Spending these two days at Moanoghar (for more on my visit to Moanoghar, see “Moanoghar, Beacon of Hope” and “Looking from the Inside Out”) has left an indelible mark on my memory of the trip to Bangladesh. Two things stand out in addition to my time at the school: Bana Vihar and the boat trip to Shuvalong Falls.
Bana Vihar is the monastery of one of Bangladesh’s most respected monks, Venerable Sadhanananda Mahathera, affectionately referred to as Bana Bhante. When he decided to remain in Rangamati, this vihara was built for him in 1974. It covers 33 acres of land surrounded on three sides by Kaptai Lake. In addition to the natural beauty of the grounds, two of the many sacred places stand out: the two Bodhi trees festooned with prayer flags and the Seven-storied Heaven House—the narrow, winding walkways leading up into the house represent how difficult it is to reach Heaven.
In the morning of 29 May Venerable Buddhadatta, the joint secretary of Moanoghar, had arranged a trip to Shuvalong Falls on Kaptai Lake. The man-made lake was formed after the completion of the Kaptai hydroelectric dam on Karnaphuli River in 1962. This new lake left 54,000 acres of land under water, about 40 per cent of the area’s total arable land, along with 29 square miles of government-owned forests and 240 square miles of other forest land.
The creation of the lake submerged the houses of 18,000 families, and 100,000 people were displaced. Hearing more about this from Ven. Buddhadatta, I looked over the placid lake and tried to envisage for myself the countless families forced into migration with little or no compensation and their homes now somewhere beneath me.
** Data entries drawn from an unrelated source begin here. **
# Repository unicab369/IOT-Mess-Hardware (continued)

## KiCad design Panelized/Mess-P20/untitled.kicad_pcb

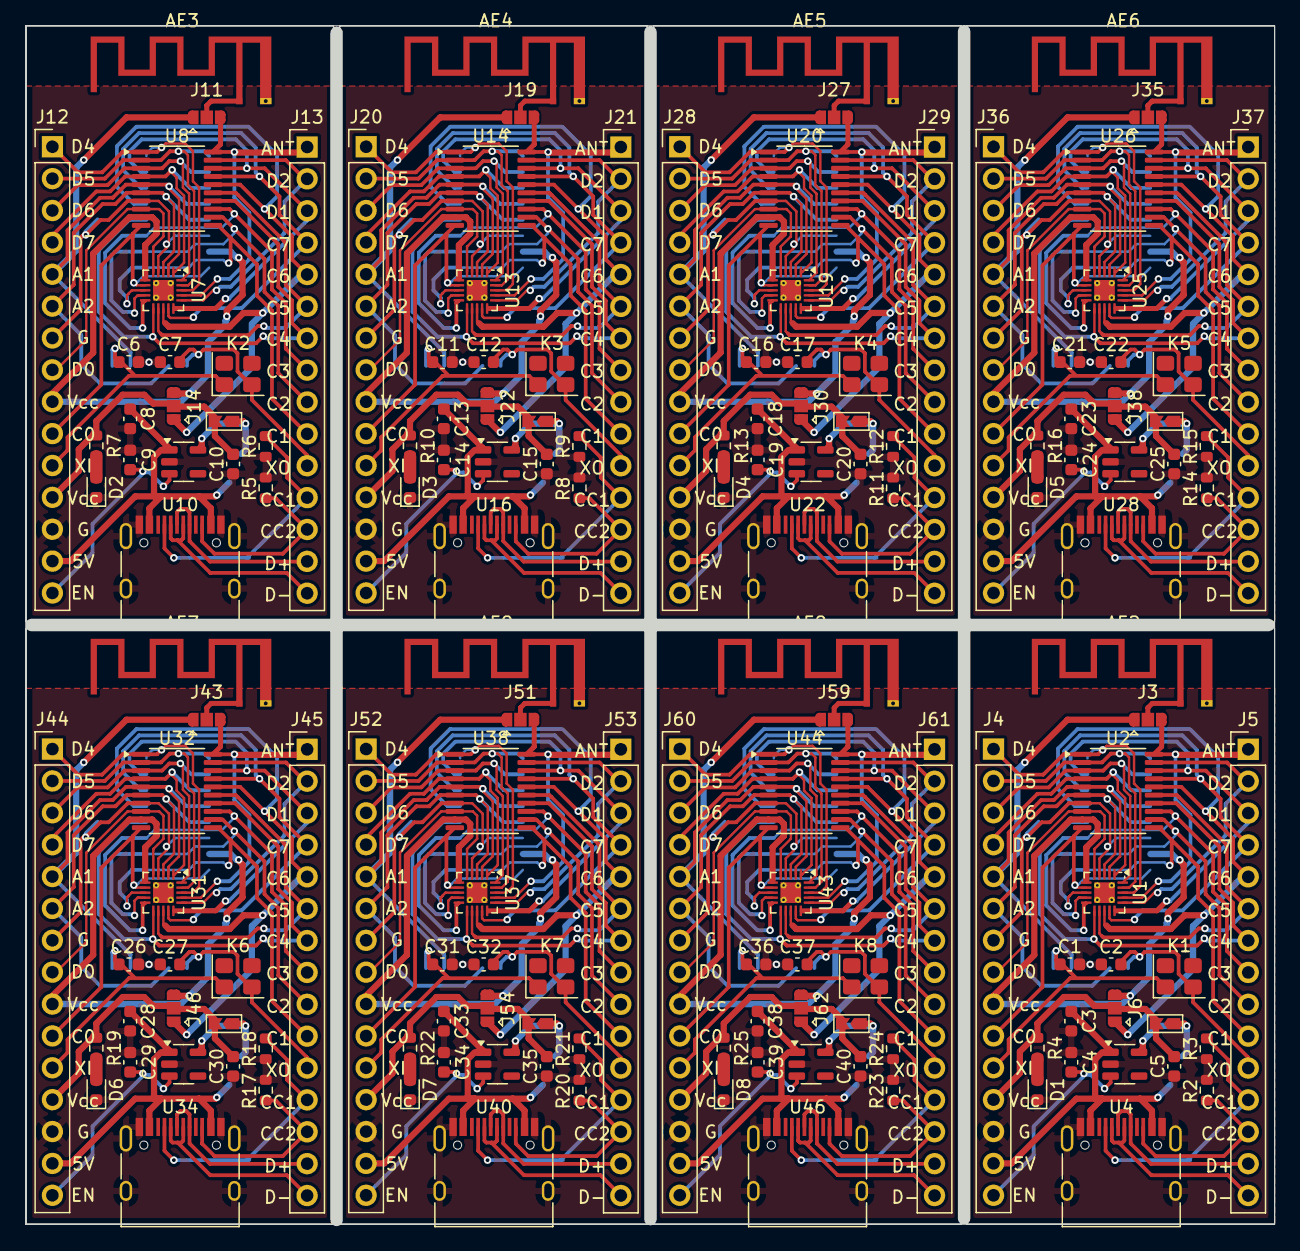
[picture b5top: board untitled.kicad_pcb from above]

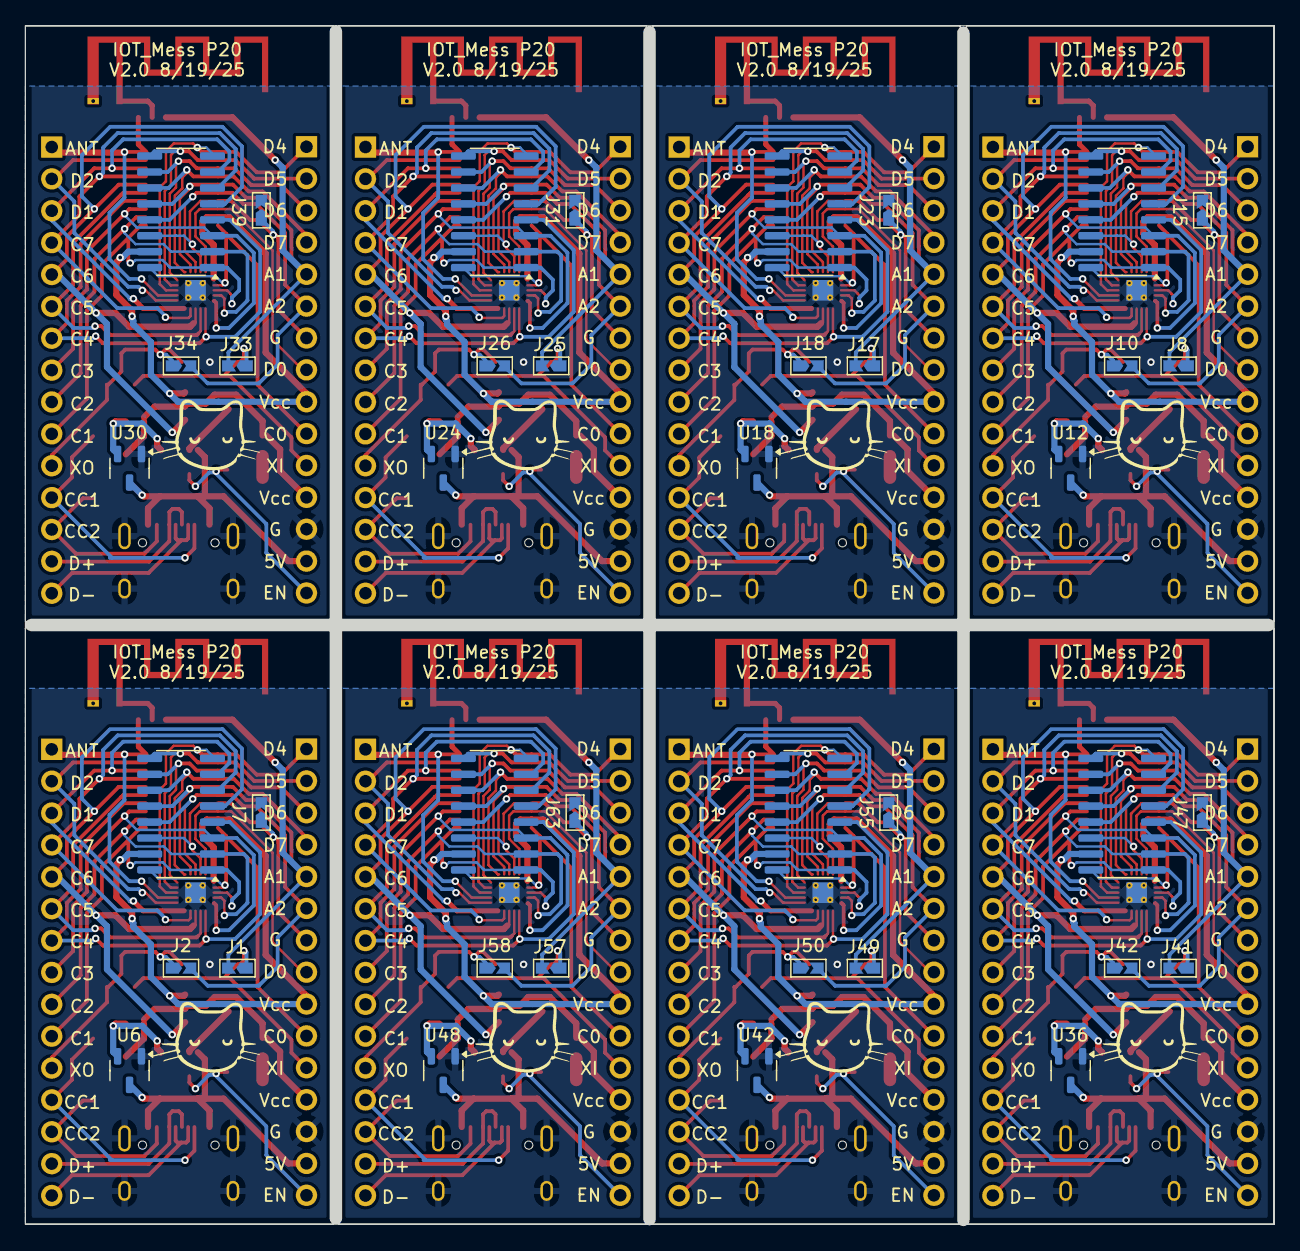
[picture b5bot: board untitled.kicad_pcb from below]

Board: 2 copper layers, 99.5 x 95.5 mm, 200 parts (40 on the bottom side), 33 nets.

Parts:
AE2, AE3, AE4, AE5, AE6, AE7, AE8, AE9: Antenna_Shield; Texas_SWRA117D_2.4GHz_Left
C1, C2, C6, C7, C11, C12, C16, C17, C21, C22, C26, C27, C31, C32, C36, C37: 12-25pF; C_0603_1608Metric
C3, C8, C13, C18, C23, C28, C33, C38: 10u; C_0603_1608Metric
C4, C5, C9, C10, C14, C15, C19, C20, C24, C25, C29, C30, C34, C35, C39, C40: 1u; C_0603_1608Metric
D1, D2, D3, D4, D5, D6, D7, D8: LED; LED_0603_1608Metric
J1, J2, J7, J8, J9, J10, J15, J16, J17, J18, J23, J24, J25, J26, J31, J32, J33, J34, J39, J40, J41, J42, J47, J48, J49, J50, J55, J56, J57, J58, J63, J64: Jumper_2; Jumpper-triangle
J3, J6, J11, J14, J19, J22, J27, J30, J35, J38, J43, J46, J51, J54, J59, J62: Jumper; Jumper-3_P1.3mm_Open_RoundedPad1.0x1.5mm
J4, J5, J12, J13, J20, J21, J28, J29, J36, J37, J44, J45, J52, J53, J60, J61: Conn_01x15_Pin; PinHeader_1x15_P2.54mm_Vertical
K1, K2, K3, K4, K5, K6, K7, K8: Crystal; Crystal_SMD_3225-4Pin_3.2x2.5mm
R2, R3, R5, R6, R8, R9, R11, R12, R14, R15, R17, R18, R20, R21, R23, R24: 5.1K; R_0603_1608Metric
R4, R7, R10, R13, R16, R19, R22, R25: R; R_0603_1608Metric
U1, U7, U13, U19, U25, U31, U37, U43: QFN-20-1EP_3x3mm_P0.4mm_EP1.65x1.65mm_ThermalVias
U2, U8, U14, U20, U26, U32, U38, U44: TSSOP-20_4.4x6.5mm_P0.65mm
U3, U9, U15, U21, U27, U33, U39, U45: SOP-16_3.9x9.9mm_P1.27mm
U4, U10, U16, U22, U28, U34, U40, U46: USB_C_Receptacle_USB2.0_16P; USB_C_Receptacle_HRO_TYPE-C-31-M-12
U5, U11, U17, U23, U29, U35, U41, U47: ME6211C33M5; SOT-23-5
U6, U12, U18, U24, U30, U36, U42, U48: XC6206PxxxMR; SOT-23-3

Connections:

Rising above the banks of the lake I could see the dwellings of the recently arrived Muslim settlers, and wondered about the potential strife with the local indigenous community over valuable resources such as land. It was a leisurely and pleasant boat trip if you could forget the disquieting image of the displaced people’s homes bereft of life, lying beneath the water.
Spending time at Shuvalong Falls was a delight, all the more so as our group of five had it all to ourselves! We disembarked, removed our sandals, and made our way through the mud and soft undergrowth to the falls, where we dabbled our feet in the pool of water in front of the waterfall as well as in the water cascading down from above. As Ven. Buddhadatta and I scrambled up part of the rock face, I could hear and see the other venerables playfully enjoying themselves in the water, taking photos and laughing with a childlike innocence. Each one of us was “in the moment” and had simply “let go.”
As I prepared to leave Rangamati for Bandarban, higher up in the CHT, I reflected on what Monaoghar throughout its long history has done with very limited resources for the indigenous children from all over the Hill Tracts. I promised Ven. Buddhadatta I would sponsor a child and that I would leave the choice to his discretion based on the student’s situation and need.
* Note: The writer has been sponsoring a child since returning to Hong Kong.